Santa Fe New Mexican

High court upholds long sentence in child rape case

- By Andrew Oxford

The state Supreme Court on Friday upheld a 91½-year prison term for a man sentenced as a teenager for repeatedly raping a younger relative.

In a case that turned into a test of New Mexico’s laws on sentencing juveniles, Joel Ira had asked the state’s highest-ranking judges to throw out his sentence, arguing it was unconstitu­tional. He pointed to U.S. Supreme Court decisions banning prison terms that provide no meaningful chance at freedom for juveniles convicted of a crime that does not involve homicide.

But, the court said, with good behavior in prison, Ira would be eligible for parole at the age of 62.

“Certainly the fact that Ira will serve almost 46 years before he is given an opportunit­y to obtain release is the outer limit of what is constituti­onally acceptable,” Justice Edward Chávez wrote for a majority of the court.

If Ira did not have the opportunit­y to reduce his sentence with good behavior, Chávez said, the court might have viewed the case differentl­y. But as it stood, he said, Ira could not be considered as having a sentence of life without the possibilit­y of parole.

Now 37, Ira was 15 when he was sentenced to prison for sexually abusing the child over the course of about two years, when she was between the ages of 8 and 10.

He had pleaded no contest in 1997 to 13 counts, including 10 counts of first-degree criminal sexual penetratio­n, aggravated battery and intimidati­on of a witness. He was accused of choking the girl until she passed out and threatenin­g to kill her if she spoke to anyone about the crimes.

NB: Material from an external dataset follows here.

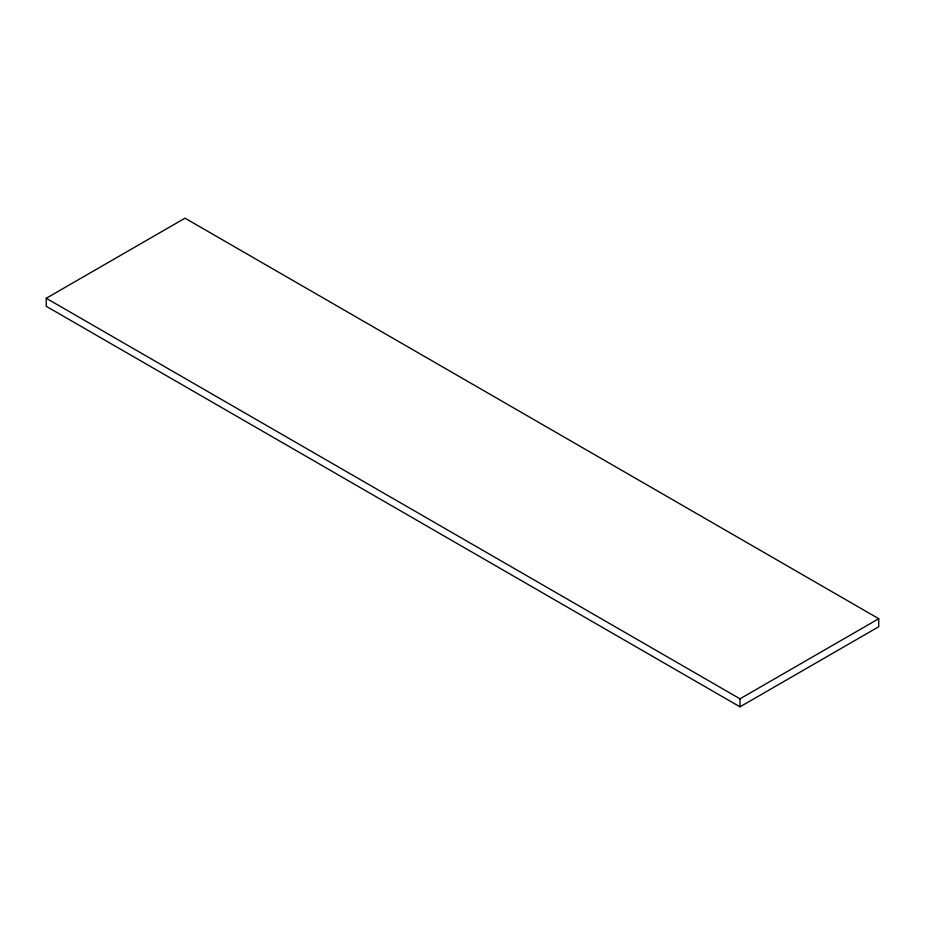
<?xml version="1.0" encoding="UTF-8"?>
<svg xmlns="http://www.w3.org/2000/svg" width="925" height="925" viewBox="0 0 925 925"><rect width="100%" height="100%" fill="white"/><g stroke="black" fill="none" stroke-linecap="round" stroke-linejoin="round"><path stroke-width="1.39" d="M46.25 298.278L185 218.173L878.75 618.709L878.75 626.722L740 706.827L46.25 306.291L46.25 298.278L740 698.814L878.75 618.709M740 698.814L740 706.827"/></g></svg>

Experts told a judge when Ira was sentenced that he had no conscience and that the extensive treatment he would need to be rehabilita­ted did not exist in New Mexico, according to court documents.

But Gary Mitchell, the lawyer representi­ng Ira, argued studies have shown that men’s brains aren’t fully developed until the age of 25 (slightly younger for women), and that the state cannot give children lengthy sentences without hope that they might someday be released.

Some states have interprete­d “life” as not just “biological survival,” the court said, but in terms of what opportunit­y an inmate might have to truly reenter society and have a meaningful existence outside prison.

The court said, too, that the state Legislatur­e could adopt laws like those in Nevada, which allows a juvenile offender a shot at parole after serving 15 years behind bars if the crime did not include the death of a victim.

Chief Justice Judith Nakamura wrote a separate opinion, joined by Justice Petra Jimenez Maes, that provided graphic details of the repeated torment Ira’s victim suffered at his hands. His case is markedly different from that of a juvenile accused of one impulsive criminal act, she said.

Ira’s case would not fall under U.S. Supreme Court rulings on life without parole for juveniles, Nakamura said, because he was not sentenced to life without parole for a single offense; rather, he received several consecutiv­e sentences for separate crimes.

Mitchell said Friday the court’s opinion was “one of the harshest decisions ever reached by any supreme court in the United States.”

“We’re deciding a child at age 14 can be found to be so reprehensi­ble, we give up on him,” he said.

Mitchell added that he plans to appeal to the U.S. Supreme Court.